Monday, August 24, 2015

things that have dramatically impacted my depression and anxiety levels


I know this is going to sound crazy, but I'm a long-time depression survivor, and this is trew.

1- The sudden wheat allergy last year that had me in clinic and 2 ER visits and put me on prednisone for 17 days was a godsend. There's a rumor going around that wheat might be a big culprit in depression. After being completely wheat free for nearly a year now, I can totally vouch for that. I have no idea if it's related to the big Monsanto GMO wheat monopoly thing, but there seems to be some science developing behind it. The severe brain fog I lived with for years is mostly gone, although I still hit walls and have glitchy moments, my memory is getting better again, and my ability to deal with spontaneity and change (I have Aspergers) is getting better again. I don't seem to need as much shutdown time, and I seem more able to steer it now instead of caving to it. I'm not saying the original brain fail was caused by wheat, just that nerve healing (the brain is nerve central) seems to be going a lot faster without it.


2- Regular zyrtec is making it possible for me to drive without delayed PTSD Tourette's behaviors, like tapping my steering wheel because I'm afraid to touch it, or not being able to stop blinking while I drive. I've discussed these anxiety behaviors with a psychologist, because they go back years.
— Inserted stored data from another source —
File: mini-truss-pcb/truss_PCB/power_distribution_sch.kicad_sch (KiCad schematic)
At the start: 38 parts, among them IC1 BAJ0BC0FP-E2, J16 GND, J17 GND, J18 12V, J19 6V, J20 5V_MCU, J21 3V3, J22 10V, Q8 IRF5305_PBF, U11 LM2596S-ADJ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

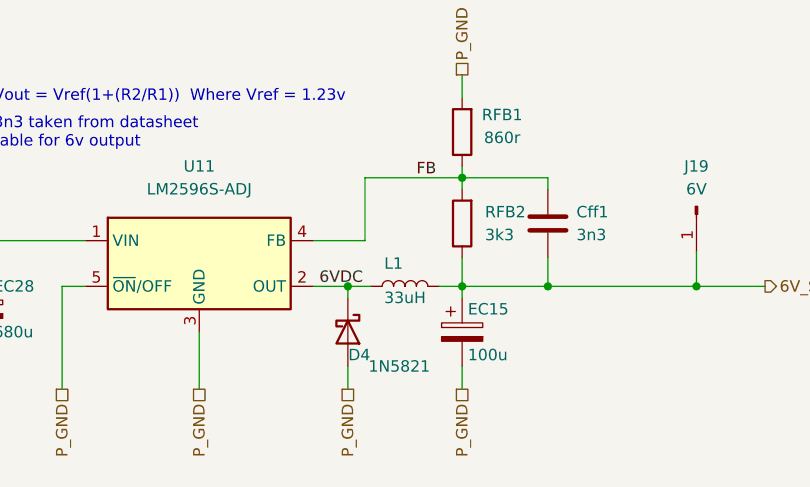
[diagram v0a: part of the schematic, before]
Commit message: added basic firmware tests
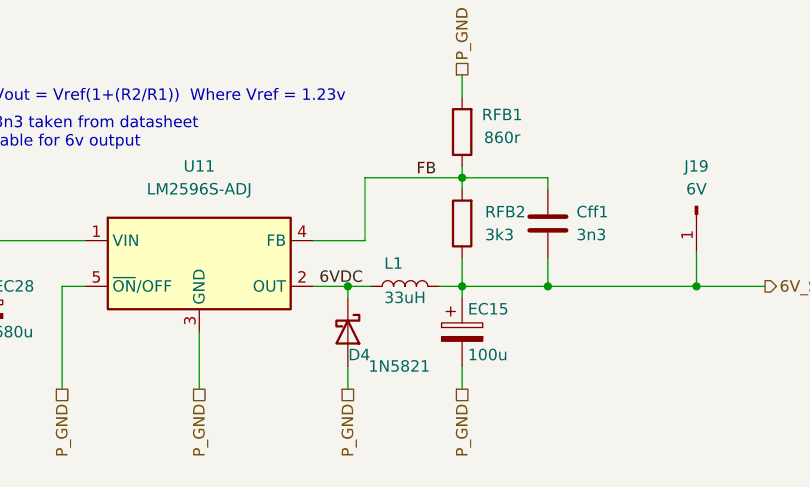
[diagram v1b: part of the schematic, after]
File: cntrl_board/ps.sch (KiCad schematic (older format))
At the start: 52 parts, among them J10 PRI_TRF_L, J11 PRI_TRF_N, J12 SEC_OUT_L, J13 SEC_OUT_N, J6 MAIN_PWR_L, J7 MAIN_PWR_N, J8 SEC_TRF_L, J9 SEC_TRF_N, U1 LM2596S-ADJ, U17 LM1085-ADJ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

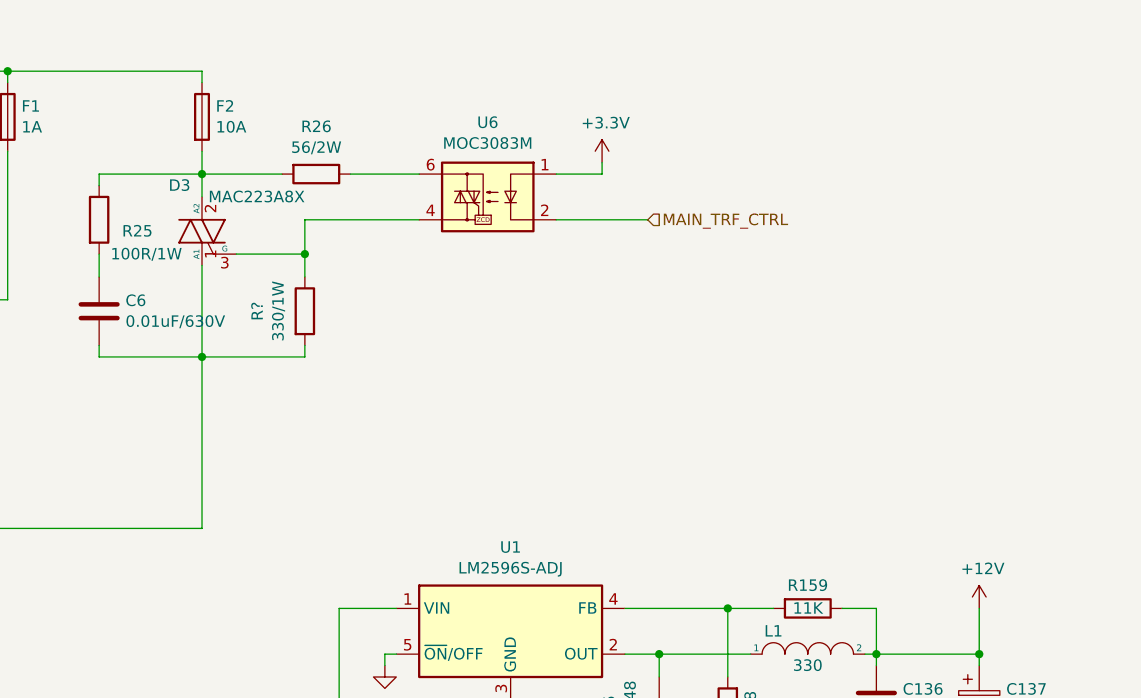
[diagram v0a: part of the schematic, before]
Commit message: update xformer soft startup
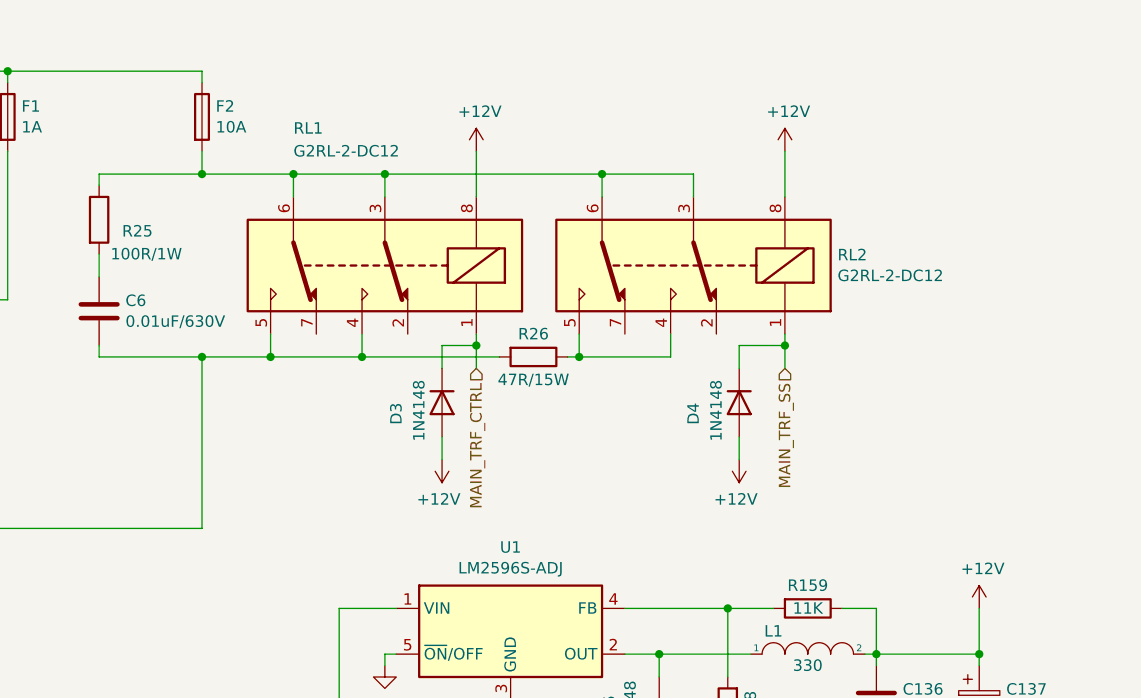
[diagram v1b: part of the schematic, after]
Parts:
- removed D3: MAC223A8X, Package_TO_SOT_THT:TO-220-3_Vertical, symbol Device:Q_TRIAC_A1A2G
- removed R?: 330/1W, Resistor_THT:R_Axial_DIN0414_L11.9mm_D4.5mm_P15.24mm_Horizontal, symbol Device:R
- removed U6: MOC3083M, symbol Relay_SolidState:MOC3083M
- added D3, D4: 1N4148, Diode_SMD:D_SOD-323_HandSoldering, symbol Device:D
- added RL1, RL2: G2RL-2-DC12, Relay_THT:Relay_DPDT_Omron_G2RL, symbol Relay:G2RL-2-DC12
- R26: value 56/2W -> 47R/15W; footprint Resistor_THT:R_Axial_DIN0414_L11.9mm_D4.5mm_P15.24mm_Horizontal -> Resistor_THT:R_Radial_Power_L13.0mm_W9.0mm_P5.00mm
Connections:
- net +12V: now also D3.2 (A), D4.2 (A), RL1.8, RL2.8
- net MAIN_TRF_CTRL: now also D3.1 (K), RL1.1
- net at C6.2, J10.1 (Pin_1): now also R26.2, RL1.4, RL1.5
- net at F2.2, R25.1: now also RL1.3, RL1.6, RL2.3, RL2.6; no longer R26.2
- net at R26.1: now also RL2.4, RL2.5
- new net MAIN_TRF_SS: D4.1 (K), RL2.1
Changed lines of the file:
@@
 $EndDescr
-$Comp
-L Device:Q_TRIAC_A1A2G D3
-U 1 1 60BF28E5
-P 2850 1750
-F 0 "D3" H 2900 1950 50  0000 L CNN
-F 1 "MAC223A8X" H 2400 1900 50  0000 L CNN
-F 2 "Package_TO_SOT_THT:TO-220-3_Vertical" V 2925 1775 50  0001 C CNN
-F 3 "~" V 2850 1750 50  0001 C CNN
-	1    2850 1750
-	-1   0    0    -1
-$EndComp
 $Comp
 L Connector:Conn_01x01_Male J10
@@
 	1    0    0    -1
 $EndComp
-Connection ~ 2850 1500
-Wire Wire Line
-	2850 1500 2850 1600
 Wire Wire Line
 	2400 1850 2400 1950
@@
 	2400 2250 2400 2300
 Wire Wire Line
-	2850 1900 2850 2300
-Wire Wire Line
 	2850 3050 2850 2300
 Wire Wire Line
 	1450 3050 2850 3050
-Connection ~ 2850 2300
 Wire Wire Line
 	2400 2300 2850 2300
@@
 Wire Wire Line
 	2400 1500 2850 1500
-$Comp
-L Device:R R26
-U 1 1 60C0976D
-P 3350 1500
-F 0 "R26" V 3143 1500 50  0000 C CNN
-F 1 "56/2W" V 3234 1500 50  0000 C CNN
-F 2 "Resistor_THT:R_Axial_DIN0414_L11.9mm_D4.5mm_P15.24mm_Horizontal" V 3280 1500 50  0001 C CNN
-F 3 "~" H 3350 1500 50  0001 C CNN
-	1    3350 1500
-	0    1    1    0
-$EndComp
-Wire Wire Line
-	2850 1500 3200 1500
-Wire Wire Line
-	4400 1700 4800 1700
 $Comp
 L Connector:Conn_01x01_Male J12
@@
 	1    0    0    -1
 $EndComp
-Text HLabel 4800 1700 2    50   Input ~ 0
+Text HLabel 4050 2350 3    50   Input ~ 0
 MAIN_TRF_CTRL
 $Comp
@@
 	9500 4950 9650 4950
 $Comp
-L power:+3.3V #PWR0266
-U 1 1 635ACB53
-P 4600 1450
-F 0 "#PWR0266" H 4600 1300 50  0001 C CNN
-F 1 "+3.3V" H 4615 1623 50  0000 C CNN
-F 2 "" H 4600 1450 50  0001 C CNN
-F 3 "" H 4600 1450 50  0001 C CNN
-	1    4600 1450
-	1    0    0    -1
-$EndComp
-Wire Wire Line
-	4600 1500 4600 1450
-Wire Wire Line
-	4400 1500 4600 1500
-$Comp
 L power:GND #PWR0135
 U 1 1 60E0C973
@@
 Wire Wire Line
 	4500 6100 4500 6250
-$Comp
-L Relay_SolidState:MOC3083M U6
-U 1 1 614D1E72
-P 4100 1600
-F 0 "U6" H 4100 1925 50  0000 C CNN
-F 1 "MOC3083M" H 4100 1834 50  0000 C CNN
-F 2 "" H 3900 1400 50  0001 L CIN
-F 3 "https://www.onsemi.com/pub/Collateral/MOC3083M-D.PDF" H 4100 1600 50  0001 L CNN
-	1    4100 1600
-	-1   0    0    -1
-$EndComp
-$Comp
-L Device:R R?
-U 1 1 61538D39
-P 3300 2100
-F 0 "R?" V 3093 2100 50  0000 C CNN
-F 1 "330/1W" V 3184 2100 50  0000 C CNN
-F 2 "Resistor_THT:R_Axial_DIN0414_L11.9mm_D4.5mm_P15.24mm_Horizontal" V 3230 2100 50  0001 C CNN
-F 3 "~" H 3300 2100 50  0001 C CNN
-	1    3300 2100
-	1    0    0    -1
-$EndComp
-Wire Wire Line
-	3000 1850 3300 1850
-Wire Wire Line
-	3500 1500 3800 1500
-Wire Wire Line
-	2850 2300 3300 2300
-Wire Wire Line
-	3300 2300 3300 2250
-Wire Wire Line
-	3300 1950 3300 1850
-Connection ~ 3300 1850
-Wire Wire Line
-	3300 1850 3300 1700
-Wire Wire Line
-	3300 1700 3800 1700
+Text HLabel 5400 2350 3    50   Input ~ 0
+MAIN_TRF_SS
+$Comp
+L Relay:G2RL-2-DC12 RL1
+U 1 1 616FA480
+P 3650 1900
+F 0 "RL1" H 4050 1300 50  0000 R CNN
+F 1 "G2RL-2-DC12" H 4050 1400 50  0000 R CNN
+F 2 "Relay_THT:Relay_DPDT_Omron_G2RL" H 4300 1850 50  0001 L CNN
+F 3 "https://omronfs.omron.com/en_US/ecb/products/pdf/en-g2rl.pdf" H 3650 1900 50  0001 C CNN
+	1    3650 1900
+	-1   0    0    1
+$EndComp
+Wire Wire Line
+	2850 2300 3150 2300
+Wire Wire Line
+	3150 2300 3150 2200
+Connection ~ 2850 2300
+Wire Wire Line
+	3150 2300 3550 2300
+Wire Wire Line
+	3550 2300 3550 2200
+Connection ~ 3150 2300
+Wire Wire Line
+	2850 1500 3250 1500
+Wire Wire Line
+	3650 1500 3650 1600
+Connection ~ 2850 1500
+Wire Wire Line
+	3250 1600 3250 1500
+Connection ~ 3250 1500
+Wire Wire Line
+	3250 1500 3650 1500
+$Comp
+L Relay:G2RL-2-DC12 RL2
+U 1 1 617224A5
+P 5000 1900
+F 0 "RL2" H 4370 1854 50  0000 R CNN
+F 1 "G2RL-2-DC12" H 4370 1945 50  0000 R CNN
+F 2 "Relay_THT:Relay_DPDT_Omron_G2RL" H 5650 1850 50  0001 L CNN
+F 3 "https://omronfs.omron.com/en_US/ecb/products/pdf/en-g2rl.pdf" H 5000 1900 50  0001 C CNN
+	1    5000 1900
+	-1   0    0    1
+$EndComp
+Wire Wire Line
+	3650 1500 4600 1500
+Wire Wire Line
+	5000 1500 5000 1600
+Connection ~ 3650 1500
+Wire Wire Line
+	4600 1600 4600 1500
+Connection ~ 4600 1500
+Wire Wire Line
+	4600 1500 5000 1500
+$Comp
+L Device:R R26
+U 1 1 61740C83
+P 4300 2300
+F 0 "R26" V 4200 2300 50  0000 C CNN
+F 1 "47R/15W" V 4400 2300 50  0000 C CNN
+F 2 "Resistor_THT:R_Radial_Power_L13.0mm_W9.0mm_P5.00mm" V 4230 2300 50  0001 C CNN
+F 3 "~" H 4300 2300 50  0001 C CNN
+	1    4300 2300
+	0    1    1    0
+$EndComp
+Wire Wire Line
+	3550 2300 4150 2300
+Connection ~ 3550 2300
+Wire Wire Line
+	4900 2300 4900 2200
+Wire Wire Line
+	4450 2300 4500 2300
+Wire Wire Line
+	4500 2200 4500 2300
+Connection ~ 4500 2300
+Wire Wire Line
+	4500 2300 4900 2300
+Wire Wire Line
+	5400 2350 5400 2250
+Wire Wire Line
+	4050 2350 4050 2250
+$Comp
+L power:+12V #PWR0207
+U 1 1 617973F5
+P 5400 1400
+F 0 "#PWR0207" H 5400 1250 50  0001 C CNN
+F 1 "+12V" H 5415 1573 50  0000 C CNN
+F 2 "" H 5400 1400 50  0001 C CNN
+F 3 "" H 5400 1400 50  0001 C CNN
+	1    5400 1400
+	1    0    0    -1
+$EndComp
+$Comp
+L power:+12V #PWR0266
+U 1 1 6179DD42
+P 4050 1400
+F 0 "#PWR0266" H 4050 1250 50  0001 C CNN
+F 1 "+12V" H 4065 1573 50  0000 C CNN
+F 2 "" H 4050 1400 50  0001 C CNN
+F 3 "" H 4050 1400 50  0001 C CNN
+	1    4050 1400
+	1    0    0    -1
+$EndComp
+Wire Wire Line
+	4050 1600 4050 1400
+Wire Wire Line
+	5400 1400 5400 1600
+$Comp
+L Device:D D?
+U 1 1 618034AE
+P 3900 2500
+AR Path="/60BF25B5/618034AE" Ref="D?"  Part="1"
+AR Path="/60BF2601/618034AE" Ref="D3"  Part="1"
+F 0 "D3" H 3900 2300 50  0000 L CNN
+F 1 "1N4148" H 3800 2400 50  0000 L CNN
+F 2 "Diode_SMD:D_SOD-323_HandSoldering" H 3900 2500 50  0001 C CNN
+F 3 "~" H 3900 2500 50  0001 C CNN
+	1    3900 2500
+	0    1    1    0
+$EndComp
+$Comp
+L Device:D D?
+U 1 1 61809CDA
+P 5200 2500
+AR Path="/60BF25B5/61809CDA" Ref="D?"  Part="1"
+AR Path="/60BF2601/61809CDA" Ref="D4"  Part="1"
+F 0 "D4" H 5200 2300 50  0000 L CNN
+F 1 "1N4148" H 5100 2400 50  0000 L CNN
+F 2 "Diode_SMD:D_SOD-323_HandSoldering" H 5200 2500 50  0001 C CNN
+F 3 "~" H 5200 2500 50  0001 C CNN
+	1    5200 2500
+	0    1    1    0
+$EndComp
+Wire Wire Line
+	3900 2350 3900 2250
+Wire Wire Line
+	3900 2250 4050 2250
+Connection ~ 4050 2250
+Wire Wire Line
+	4050 2250 4050 2200
+Wire Wire Line
+	5200 2350 5200 2250
+Wire Wire Line
+	5200 2250 5400 2250
+Connection ~ 5400 2250
+Wire Wire Line
+	5400 2250 5400 2200
+$Comp
+L power:+12V #PWR0273
+U 1 1 6181EE52
+P 5200 2750
+F 0 "#PWR0273" H 5200 2600 50  0001 C CNN
+F 1 "+12V" H 5215 2923 50  0000 C CNN
+F 2 "" H 5200 2750 50  0001 C CNN
+F 3 "" H 5200 2750 50  0001 C CNN
+	1    5200 2750
+	-1   0    0    1
+$EndComp
+Wire Wire Line
+	5200 2650 5200 2750
+$Comp
+L power:+12V #PWR0274
+U 1 1 6182ED18
+P 3900 2750
+F 0 "#PWR0274" H 3900 2600 50  0001 C CNN
+F 1 "+12V" H 3915 2923 50  0000 C CNN
+F 2 "" H 3900 2750 50  0001 C CNN
+F 3 "" H 3900 2750 50  0001 C CNN
+	1    3900 2750
+	-1   0    0    1
+$EndComp
+Wire Wire Line
+	3900 2650 3900 2750
 $EndSCHEMATC

I've been rolling down all the windows in the coldest winters over severe claustrophobia while I'm driving, to the point of even pulling out of heavy traffic so I can exit my car before I have a meltdown. I've tried all kinds of meds (highway patrol has driven me home 'drunk' on meds in years past), and all kinds of behavior modification techniques, as you can imagine. (I trigger easily, thanks to being thrown out of a violently flipping vehicle, so it's amazing I drive at all, especially with the pain levels I've had through the years.) Last year I was COMMANDED to stay on zyrtec since my food reactions were going ridiculously more out of control, and I discovered that zyrtec crosses the brain barrier differently than other antihistamines and a regular dose has a very calming effect on me without making me sleepy. I've been able to drive like a normal person and have gotten through a whole winter and a very rainy spring and summer without having to emergency call family to talk me through driving home or constantly send update pix of where I am to facebook or twitter. After seeing such a huge change, I have to wonder how much of my severe anxiety had more to do with a continual overwhelming barrage of histamine reactions than anything. This is not true for everyone.
Cetirizine: actions on neurotransmitter receptors
The Zyrtec Effect
But this may be why it works for me. That's right, they're discovering anxiety (in some people) might be related to histamine over reaction.
Fibromyalgia Trial Shows Promise…For Chronic Fatigue Syndrome? Mast Cells and Ketiotifen in FM and ME/CFS


3- ASTYM treatments in physical therapy coupled with regular chiropractic adjustments have lowered the screaming pain levels on my nervous system more than anything else I've tried in years (and I've tried everything but surgery) and considering I've actually asked a dentist to do root canals on healthy teeth and sometimes think it would be lovely if someone would just severe my spinal cord in at least two places and put me in a wheelchair, my whole life turned around over this very simple technique. Lowering the pain levels dramatically lowered the stress on my nervous system, and that has made dealing with anxiety and depression much easier. There is nothing lovelier than physical therapy where you get one on one personal touch through massage and strength training, which has done me so much more good than medications. At first it was hard because I can't bear to be touched (super aspie + pain syndrome), but over time it became a real life saver. To give you context, it took four years to break through the nasty pain just under my skull because the scar tissue had grown so thick and was creating so much pressure and swelling around my cervical nerves that I couldn't even look up at the stars for years without nearly passing out. The scar tissue was the key- microfissure and slowly rebuild new more elastic tissues, and it works best with regular stretches and exercise. I'm actually sleeping nearly through the night now, after many years of not sleeping more than 2-4 hours through the night, even heavily medicated. More sleep and less pain eases anxiety levels.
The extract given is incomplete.